As it is, I'm rather enjoying playing at "the starving artist". It suddenly struck me as I was speeding across Holland in a train that this is what I'm doing. I don't mean for a minute that I'm comparing myself to Van Gogh, or a poet living in penury. What I mean is this: some of my favourite authors, such as Hemingway and others of 'The Lost Generation' were all living in Europe (Paris, mainly) in the '20s and having a fine time. They were drinking the town dry while turning out some amazing work. You read about Hemingway living at the top of some building in a flat without much furniture, writing in the dawn light until his first wife and son would wake - doesn't it just sound so romantic? (Mind you, if his stairs were as awful as mine, I can begin to understand why he drank all afternoon...) Anyway, the image has always stayed with me, and I loved the idea of it.
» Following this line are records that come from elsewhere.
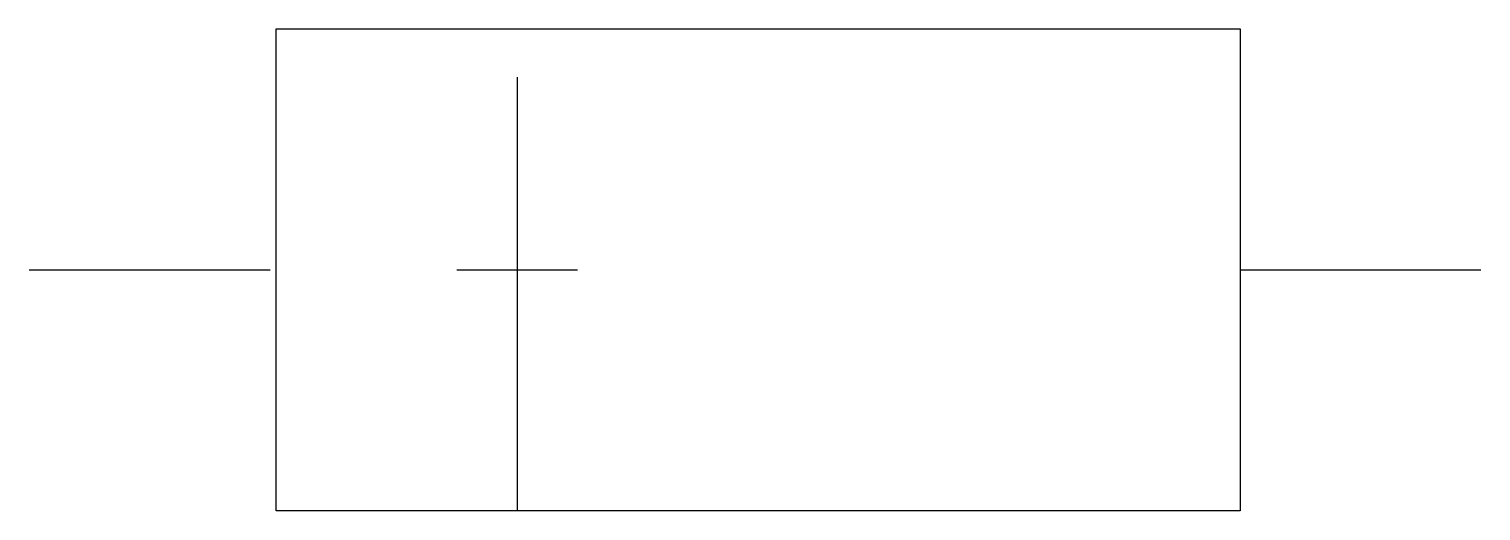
# Model space of a CAD drawing. Extents: x 2.7 to 18.7, y -2.8 to 2.5.
import ezdxf

# ---------------------------------------------------------------- set-up
doc = ezdxf.new("R2010")
doc.units = 0
doc.layers.add('DEFAULT_255_2_778', color=255, linetype='CONTINUOUS')

msp = doc.modelspace()

# ---------------------------------------------------------------- linework, layer by layer
at = {"layer": 'DEFAULT_255_2_778'}
for p, q in [((5.458, 2.514), (16.041, 2.514)), ((5.458, -2.778), (5.458, 2.514)), ((16.041, 2.514), (16.041, -2.778)), ((8.103, 1.984), (8.103, -2.249)), ((2.745, -0.132), (5.391, -0.132)), ((7.442, -0.132), (8.765, -0.132)), ((16.04, -0.132), (18.686, -0.132)), ((8.103, -2.249), (8.103, -2.778)), ((16.041, -2.778), (5.458, -2.778))]:
    msp.add_line(p, q, dxfattribs=at)

doc.saveas('drawing.dxf')
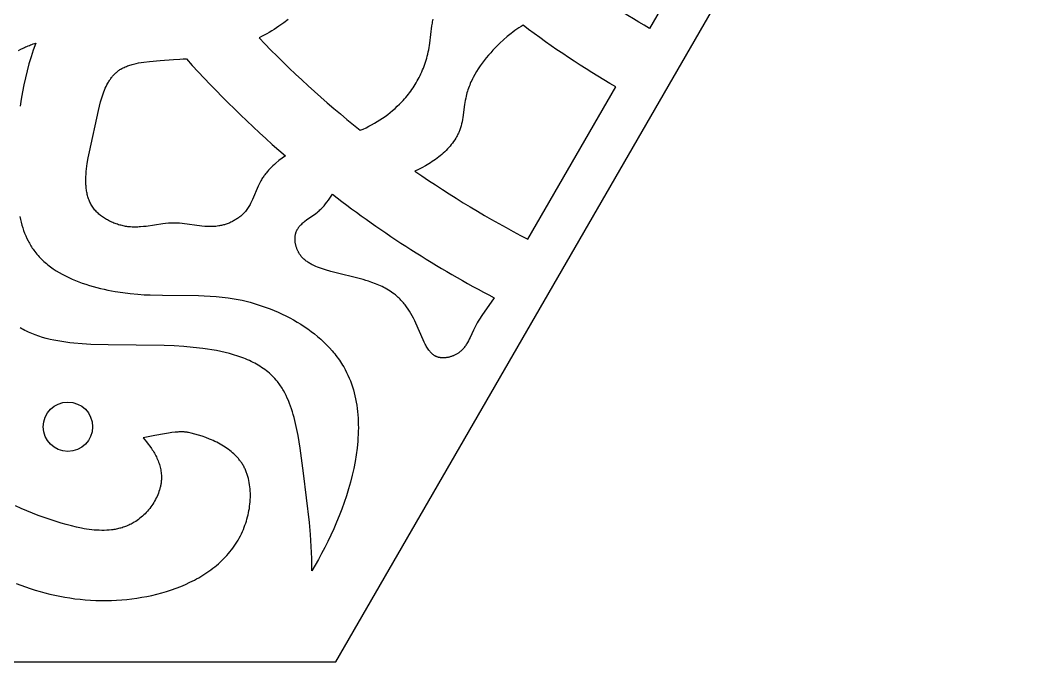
# Model space of a CAD drawing. Extents: x 158 to 281, y 154 to 261.
# Drawn here: x 236.09 to 280.85, y 154.34 to 182.85 of the extents above; entities that cross this region are included whole.
import ezdxf

# ---------------------------------------------------------------- set-up
doc = ezdxf.new("R2010")
doc.units = 0
doc.layers.add('LAYER_01', color=1, linetype='CONTINUOUS')

msp = doc.modelspace()

# ---------------------------------------------------------------- linework, layer by layer
at = {"layer": 'LAYER_01'}
msp.add_lwpolyline([(157.879, 207.584), (188.622, 154.337), (250.106, 154.337), (280.848, 207.584), (250.106, 260.831), (188.622, 260.831)], close=True, dxfattribs=at)
for points in [[(267.993, 189.319), (264.048, 182.485, -0.030215), (260.318, 184.962)], [(248.001, 182.885), (247.796, 182.73), (247.586, 182.582), (247.479, 182.51), (247.371, 182.441), (247.262, 182.374), (247.152, 182.308), (247.04, 182.245), (246.928, 182.184), (246.814, 182.125), (246.699, 182.068, 0.033244), (251.197, 177.959), (251.325, 178.015), (251.452, 178.074), (251.578, 178.137), (251.703, 178.203), (251.826, 178.272), (251.948, 178.344), (252.067, 178.42), (252.185, 178.498), (252.3, 178.579), (252.414, 178.663), (252.525, 178.75), (252.634, 178.84), (252.74, 178.932), (252.843, 179.026), (252.943, 179.124), (253.04, 179.223), (253.102, 179.289), (253.161, 179.355), (253.22, 179.423), (253.277, 179.491), (253.333, 179.561), (253.387, 179.631), (253.44, 179.703), (253.492, 179.775), (253.542, 179.849), (253.591, 179.923), (253.638, 179.999), (253.684, 180.075), (253.729, 180.153), (253.772, 180.231), (253.813, 180.311), (253.853, 180.392), (253.892, 180.474), (253.929, 180.556), (253.965, 180.64), (253.999, 180.725), (254.031, 180.811), (254.062, 180.898), (254.092, 180.986), (254.12, 181.075), (254.146, 181.166), (254.171, 181.257), (254.194, 181.349), (254.216, 181.443), (254.236, 181.538), (254.254, 181.633), (254.271, 181.73), (254.286, 181.828), (254.379, 182.599), (254.398, 182.723), (254.409, 182.784), (254.421, 182.844), (254.433, 182.903)]]:
    msp.add_lwpolyline(points, format="xyb", dxfattribs=at)
for points in [[(262.548, 179.887, -0.030895), (258.429, 182.629), (258.337, 182.571), (258.246, 182.512), (258.156, 182.451), (258.068, 182.388), (257.98, 182.323), (257.894, 182.257), (257.725, 182.121), (257.56, 181.978), (257.399, 181.83), (257.242, 181.676), (257.09, 181.517), (256.989, 181.406), (256.89, 181.293), (256.793, 181.177), (256.699, 181.06), (256.609, 180.94), (256.521, 180.818), (256.438, 180.693), (256.358, 180.567), (256.283, 180.438), (256.212, 180.307), (256.178, 180.241), (256.146, 180.174), (256.115, 180.107), (256.085, 180.039), (256.057, 179.971), (256.03, 179.902), (256.004, 179.832), (255.98, 179.762), (255.958, 179.692), (255.937, 179.621), (255.918, 179.55), (255.9, 179.478), (255.88, 179.384), (255.862, 179.29), (255.832, 179.1), (255.752, 178.527), (255.736, 178.433), (255.718, 178.34), (255.698, 178.247), (255.674, 178.156), (255.661, 178.111), (255.648, 178.066), (255.633, 178.021), (255.617, 177.977), (255.603, 177.938), (255.587, 177.9), (255.571, 177.862), (255.554, 177.824), (255.536, 177.786), (255.517, 177.749), (255.498, 177.711), (255.478, 177.675), (255.457, 177.638), (255.436, 177.602), (255.391, 177.531), (255.343, 177.461), (255.293, 177.392), (255.241, 177.324), (255.186, 177.258), (255.129, 177.193), (255.071, 177.129), (255.01, 177.066), (254.947, 177.005), (254.883, 176.945), (254.817, 176.887), (254.749, 176.83), (254.68, 176.774), (254.61, 176.72), (254.538, 176.667), (254.466, 176.616), (254.392, 176.566), (254.318, 176.517), (254.242, 176.47), (254.167, 176.424), (254.09, 176.38), (253.936, 176.297), (253.781, 176.219), (253.627, 176.147, 0.03196), (258.639, 173.117)], [(247.869, 176.824), (247.727, 176.719), (247.586, 176.61), (247.448, 176.497), (247.381, 176.438), (247.315, 176.379), (247.251, 176.317), (247.188, 176.255), (247.127, 176.19), (247.069, 176.124), (247.012, 176.057), (246.985, 176.022), (246.959, 175.987), (246.933, 175.952), (246.907, 175.916), (246.883, 175.88), (246.859, 175.843), (246.832, 175.798), (246.806, 175.753), (246.781, 175.708), (246.756, 175.661), (246.71, 175.567), (246.665, 175.472), (246.417, 174.889), (246.372, 174.794), (246.325, 174.701), (246.3, 174.656), (246.274, 174.611), (246.248, 174.566), (246.22, 174.523), (246.191, 174.48), (246.161, 174.438), (246.13, 174.397), (246.097, 174.356), (246.07, 174.325), (246.042, 174.293), (246.012, 174.263), (245.982, 174.233), (245.951, 174.204), (245.919, 174.175), (245.887, 174.147), (245.853, 174.12), (245.819, 174.094), (245.785, 174.068), (245.749, 174.043), (245.713, 174.019), (245.677, 173.995), (245.64, 173.973), (245.602, 173.951), (245.564, 173.93), (245.525, 173.91), (245.486, 173.89), (245.447, 173.871), (245.407, 173.853), (245.367, 173.836), (245.326, 173.82), (245.285, 173.805), (245.244, 173.79), (245.203, 173.777), (245.161, 173.764), (245.119, 173.752), (245.077, 173.741), (245.035, 173.731), (244.993, 173.722), (244.951, 173.714), (244.908, 173.706), (244.846, 173.697), (244.784, 173.69), (244.722, 173.685), (244.66, 173.681), (244.597, 173.679), (244.535, 173.678), (244.473, 173.679), (244.41, 173.681), (244.286, 173.689), (244.161, 173.7), (243.291, 173.815), (243.168, 173.826), (243.044, 173.834), (242.982, 173.836), (242.92, 173.836), (242.859, 173.836), (242.797, 173.834), (242.735, 173.831), (242.674, 173.826), (242.551, 173.815), (242.428, 173.8), (241.687, 173.691), (241.562, 173.677), (241.437, 173.666), (241.375, 173.662), (241.312, 173.659), (241.249, 173.657), (241.186, 173.656), (241.123, 173.657), (241.06, 173.659), (240.996, 173.663), (240.933, 173.669), (240.88, 173.675), (240.827, 173.682), (240.774, 173.691), (240.722, 173.7), (240.669, 173.711), (240.617, 173.723), (240.564, 173.736), (240.512, 173.75), (240.46, 173.765), (240.409, 173.781), (240.357, 173.799), (240.307, 173.817), (240.256, 173.836), (240.206, 173.857), (240.157, 173.878), (240.108, 173.9), (240.06, 173.924), (240.013, 173.948), (239.966, 173.973), (239.92, 173.999), (239.875, 174.026), (239.831, 174.054), (239.787, 174.082), (239.745, 174.112), (239.703, 174.142), (239.663, 174.173), (239.624, 174.205), (239.586, 174.237), (239.549, 174.271), (239.513, 174.305), (239.479, 174.34), (239.446, 174.375), (239.411, 174.415), (239.378, 174.456), (239.346, 174.498), (239.316, 174.541), (239.288, 174.584), (239.261, 174.629), (239.235, 174.673), (239.211, 174.719), (239.189, 174.766), (239.168, 174.813), (239.149, 174.861), (239.131, 174.909), (239.114, 174.958), (239.099, 175.008), (239.085, 175.059), (239.072, 175.11), (239.06, 175.161), (239.05, 175.214), (239.041, 175.267), (239.033, 175.32), (239.026, 175.374), (239.02, 175.429), (239.016, 175.484), (239.012, 175.54), (239.01, 175.596), (239.008, 175.653), (239.008, 175.767), (239.011, 175.884), (239.018, 176.002), (239.027, 176.122), (239.04, 176.243), (239.055, 176.366), (239.073, 176.49), (239.115, 176.741), (239.164, 176.996), (239.565, 178.836), (239.612, 179.029), (239.662, 179.217), (239.716, 179.4), (239.744, 179.489), (239.774, 179.576), (239.806, 179.661), (239.838, 179.745), (239.873, 179.826), (239.909, 179.906), (239.947, 179.983), (239.988, 180.058), (240.009, 180.094), (240.03, 180.13), (240.052, 180.166), (240.074, 180.2), (240.098, 180.234), (240.121, 180.267), (240.146, 180.3), (240.171, 180.332), (240.196, 180.363), (240.222, 180.393), (240.249, 180.423), (240.277, 180.452), (240.305, 180.48), (240.334, 180.508), (240.364, 180.534), (240.394, 180.56), (240.426, 180.585), (240.457, 180.609), (240.49, 180.632), (240.524, 180.655), (240.546, 180.669), (240.568, 180.682), (240.613, 180.708), (240.66, 180.733), (240.708, 180.756), (240.757, 180.778), (240.807, 180.799), (240.858, 180.819), (240.91, 180.838), (240.963, 180.855), (241.017, 180.872), (241.071, 180.887), (241.126, 180.902), (241.239, 180.928), (241.354, 180.952), (241.471, 180.972), (241.589, 180.99), (241.829, 181.019), (242.307, 181.063), (242.898, 181.11), (243.188, 181.124), (243.333, 181.128), (243.479, 181.128, 0.031481)], [(257.138, 170.516), (256.591, 169.728), (256.487, 169.566), (256.437, 169.484), (256.389, 169.4), (256.342, 169.315), (256.297, 169.229), (256.222, 169.072), (256.077, 168.755), (256.039, 168.677), (255.999, 168.6), (255.958, 168.525), (255.936, 168.489), (255.914, 168.452), (255.891, 168.417), (255.867, 168.382), (255.842, 168.347), (255.817, 168.314), (255.79, 168.281), (255.762, 168.249), (255.734, 168.218), (255.704, 168.188), (255.689, 168.173), (255.673, 168.158), (255.657, 168.144), (255.641, 168.13), (255.624, 168.116), (255.607, 168.103), (255.59, 168.09), (255.573, 168.077), (255.548, 168.06), (255.523, 168.043), (255.497, 168.027), (255.47, 168.011), (255.443, 167.996), (255.416, 167.982), (255.388, 167.968), (255.36, 167.955), (255.331, 167.943), (255.302, 167.931), (255.273, 167.92), (255.244, 167.909), (255.214, 167.9), (255.184, 167.891), (255.154, 167.883), (255.124, 167.875), (255.094, 167.869), (255.064, 167.863), (255.034, 167.858), (255.004, 167.854), (254.974, 167.85), (254.944, 167.848), (254.915, 167.846), (254.885, 167.845), (254.856, 167.845), (254.827, 167.846), (254.799, 167.848), (254.771, 167.851), (254.757, 167.853), (254.743, 167.855), (254.729, 167.857), (254.715, 167.86), (254.702, 167.863), (254.689, 167.866), (254.675, 167.869), (254.662, 167.872), (254.641, 167.879), (254.619, 167.886), (254.599, 167.894), (254.578, 167.903), (254.558, 167.912), (254.538, 167.922), (254.519, 167.932), (254.5, 167.943), (254.481, 167.955), (254.463, 167.967), (254.445, 167.98), (254.427, 167.993), (254.409, 168.007), (254.392, 168.022), (254.375, 168.037), (254.359, 168.053), (254.343, 168.069), (254.327, 168.085), (254.311, 168.102), (254.295, 168.12), (254.28, 168.138), (254.265, 168.156), (254.25, 168.175), (254.236, 168.195), (254.208, 168.234), (254.18, 168.275), (254.153, 168.318), (254.127, 168.362), (254.102, 168.407), (254.078, 168.453), (254.03, 168.548), (253.985, 168.647), (253.667, 169.387), (253.613, 169.499), (253.558, 169.608), (253.501, 169.715), (253.442, 169.818), (253.381, 169.918), (253.318, 170.016), (253.253, 170.11), (253.219, 170.156), (253.185, 170.201), (253.15, 170.245), (253.114, 170.289), (253.077, 170.331), (253.04, 170.373), (253.002, 170.414), (252.963, 170.455), (252.923, 170.494), (252.883, 170.532), (252.841, 170.57), (252.799, 170.607), (252.756, 170.643), (252.712, 170.678), (252.649, 170.725), (252.584, 170.771), (252.518, 170.815), (252.45, 170.857), (252.38, 170.898), (252.31, 170.937), (252.238, 170.975), (252.165, 171.011), (252.092, 171.046), (252.017, 171.08), (251.942, 171.112), (251.866, 171.143), (251.713, 171.201), (251.56, 171.254), (251.441, 171.291), (251.323, 171.327), (251.086, 171.391), (250.132, 171.621), (249.89, 171.684), (249.646, 171.755), (249.474, 171.811), (249.389, 171.842), (249.304, 171.874), (249.221, 171.909), (249.139, 171.945), (249.099, 171.965), (249.059, 171.985), (249.02, 172.006), (248.981, 172.028), (248.943, 172.05), (248.905, 172.073), (248.869, 172.097), (248.833, 172.122), (248.798, 172.148), (248.763, 172.175), (248.73, 172.202), (248.697, 172.231), (248.666, 172.26), (248.635, 172.291), (248.62, 172.307), (248.606, 172.323), (248.591, 172.339), (248.577, 172.356), (248.563, 172.373), (248.55, 172.39), (248.537, 172.407), (248.524, 172.425), (248.511, 172.443), (248.499, 172.461), (248.487, 172.48), (248.476, 172.499), (248.46, 172.525), (248.446, 172.551), (248.432, 172.578), (248.418, 172.606), (248.406, 172.634), (248.394, 172.662), (248.382, 172.691), (248.372, 172.72), (248.362, 172.75), (248.352, 172.779), (248.344, 172.809), (248.336, 172.839), (248.329, 172.869), (248.322, 172.9), (248.317, 172.93), (248.312, 172.96), (248.308, 172.991), (248.304, 173.021), (248.302, 173.052), (248.3, 173.082), (248.299, 173.112), (248.299, 173.143), (248.3, 173.172), (248.301, 173.202), (248.304, 173.232), (248.307, 173.261), (248.311, 173.289), (248.316, 173.318), (248.322, 173.346), (248.325, 173.36), (248.329, 173.374), (248.333, 173.387), (248.337, 173.401), (248.341, 173.414), (248.345, 173.428), (248.353, 173.448), (248.361, 173.469), (248.37, 173.489), (248.38, 173.509), (248.389, 173.529), (248.4, 173.548), (248.411, 173.568), (248.422, 173.586), (248.434, 173.605), (248.447, 173.623), (248.46, 173.641), (248.473, 173.659), (248.487, 173.677), (248.501, 173.694), (248.516, 173.711), (248.531, 173.728), (248.546, 173.745), (248.562, 173.761), (248.594, 173.794), (248.628, 173.825), (248.663, 173.856), (248.699, 173.887), (248.736, 173.917), (248.813, 173.976), (249.216, 174.264), (249.294, 174.323), (249.332, 174.354), (249.37, 174.385), (249.406, 174.417), (249.442, 174.449), (249.48, 174.487), (249.518, 174.525), (249.554, 174.565), (249.588, 174.604), (249.622, 174.645), (249.655, 174.686), (249.719, 174.771), (249.78, 174.856), (249.958, 175.118, 0.043713)]]:
    msp.add_lwpolyline(points, format="xyb", close=True, dxfattribs=at)
for points in [[(236.019, 181.498), (236.122, 181.557), (236.227, 181.612), (236.281, 181.639), (236.335, 181.664), (236.389, 181.688), (236.444, 181.712), (236.499, 181.734), (236.555, 181.755), (236.611, 181.776), (236.668, 181.795), (236.725, 181.813), (236.783, 181.83), (236.673, 181.525), (236.573, 181.219), (236.481, 180.911), (236.397, 180.601), (236.321, 180.29), (236.252, 179.977), (236.19, 179.662), (236.135, 179.344), (236.087, 179.024)], [(236.07, 174.123), (236.099, 173.996), (236.131, 173.87), (236.166, 173.746), (236.204, 173.624), (236.245, 173.504), (236.289, 173.386), (236.337, 173.27), (236.388, 173.157), (236.442, 173.045), (236.471, 172.991), (236.5, 172.937), (236.531, 172.883), (236.562, 172.831), (236.594, 172.779), (236.628, 172.727), (236.662, 172.677), (236.698, 172.627), (236.742, 172.568), (236.787, 172.51), (236.834, 172.453), (236.883, 172.397), (236.932, 172.342), (236.983, 172.288), (237.036, 172.235), (237.09, 172.183), (237.144, 172.132), (237.201, 172.082), (237.258, 172.033), (237.317, 171.986), (237.377, 171.939), (237.437, 171.893), (237.499, 171.848), (237.563, 171.804), (237.692, 171.719), (237.825, 171.637), (237.962, 171.56), (238.103, 171.486), (238.246, 171.415), (238.393, 171.348), (238.543, 171.285), (238.696, 171.225), (238.85, 171.168), (239.007, 171.115), (239.166, 171.064), (239.327, 171.017), (239.49, 170.973), (239.653, 170.932), (239.818, 170.894), (239.984, 170.858), (240.316, 170.796), (240.65, 170.745), (240.983, 170.704), (241.313, 170.673), (241.592, 170.654), (241.868, 170.64), (242.412, 170.627), (244.005, 170.616), (244.268, 170.607), (244.531, 170.594), (244.794, 170.576), (245.058, 170.55), (245.323, 170.517), (245.589, 170.475), (245.768, 170.441), (245.948, 170.403), (246.128, 170.361), (246.308, 170.314), (246.488, 170.264), (246.668, 170.209), (246.846, 170.149), (247.024, 170.086), (247.201, 170.019), (247.377, 169.947), (247.551, 169.872), (247.723, 169.792), (247.894, 169.709), (248.062, 169.622), (248.228, 169.531), (248.391, 169.436), (248.551, 169.338), (248.708, 169.236), (248.862, 169.13), (249.013, 169.021), (249.159, 168.908), (249.302, 168.792), (249.44, 168.672), (249.574, 168.548), (249.703, 168.422), (249.828, 168.292), (249.947, 168.159), (250.005, 168.091), (250.061, 168.022), (250.116, 167.953), (250.17, 167.883), (250.222, 167.812), (250.273, 167.74), (250.322, 167.667), (250.369, 167.594), (250.415, 167.52), (250.46, 167.445), (250.528, 167.324), (250.591, 167.201), (250.651, 167.076), (250.707, 166.949), (250.759, 166.821), (250.807, 166.691), (250.851, 166.559), (250.892, 166.426), (250.929, 166.291), (250.962, 166.155), (250.992, 166.018), (251.018, 165.88), (251.041, 165.74), (251.061, 165.599), (251.077, 165.457), (251.09, 165.314), (251.1, 165.17), (251.107, 165.025), (251.11, 164.879), (251.111, 164.732), (251.109, 164.585), (251.104, 164.437), (251.096, 164.288), (251.085, 164.139), (251.055, 163.839), (251.015, 163.538), (250.965, 163.235), (250.906, 162.932), (250.837, 162.628), (250.76, 162.325), (250.675, 162.023), (250.582, 161.722), (250.482, 161.423), (250.375, 161.126), (250.263, 160.832), (250.144, 160.541), (250.02, 160.253), (249.891, 159.97), (249.758, 159.691), (249.621, 159.418), (249.481, 159.15), (249.338, 158.888), (249.192, 158.632), (249.044, 158.383), (249.04, 158.924), (249.02, 159.459), (248.984, 159.992), (248.937, 160.526), (248.676, 162.716), (248.529, 163.835), (248.438, 164.392), (248.385, 164.665), (248.325, 164.935), (248.259, 165.198), (248.223, 165.328), (248.184, 165.455), (248.144, 165.581), (248.1, 165.704), (248.055, 165.825), (248.007, 165.944), (247.956, 166.061), (247.902, 166.174), (247.846, 166.285), (247.786, 166.393), (247.755, 166.446), (247.723, 166.498), (247.691, 166.55), (247.657, 166.6), (247.623, 166.65), (247.588, 166.699), (247.552, 166.747), (247.515, 166.794), (247.46, 166.86), (247.403, 166.924), (247.345, 166.987), (247.285, 167.048), (247.223, 167.107), (247.159, 167.164), (247.093, 167.22), (247.026, 167.274), (246.958, 167.326), (246.887, 167.376), (246.816, 167.425), (246.742, 167.473), (246.667, 167.519), (246.591, 167.563), (246.513, 167.606), (246.434, 167.647), (246.354, 167.687), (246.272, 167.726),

Or Christopher Isherwood making his way through Berlin as a tutor and writer, capturing the place with his words. Or even all the many artists and folk singers of the '60s over in New York. Those of the 'Beat Generation'... There is such a romantic image surrounding the authors and artists of earlier times: living in pokey places without much of anything (except alcohol). Fuelled by their art alone, perhaps.
While I am by no means a starving artist (I wouldn't survive a week - according to my mother I eat like a dockworker...), I am revelling in the fact that I'm living in an attic room, able to write until all hours of the day; to play my guitar and craft new songs and rework old ones. I've always had a sort of dream that I would one day either live in a pokey flat like Hemingway, or a Cornwall cottage with only the sea for company like D.H. Lawrence - to write all morning, then nip out for fresh air and a baguette or a walk along the sea...
That I have been able to fulfil another of my dreams is very satisfying. And it is this that I will take with me. This feeling of accomplishment of having strived towards a dream, albeit rather unconsciously. I think I am just in the habit of doing what I love (as we all should be). And while my books may not find publishers, and my songs may not reach millions, the words pour out anyway. And I am glad.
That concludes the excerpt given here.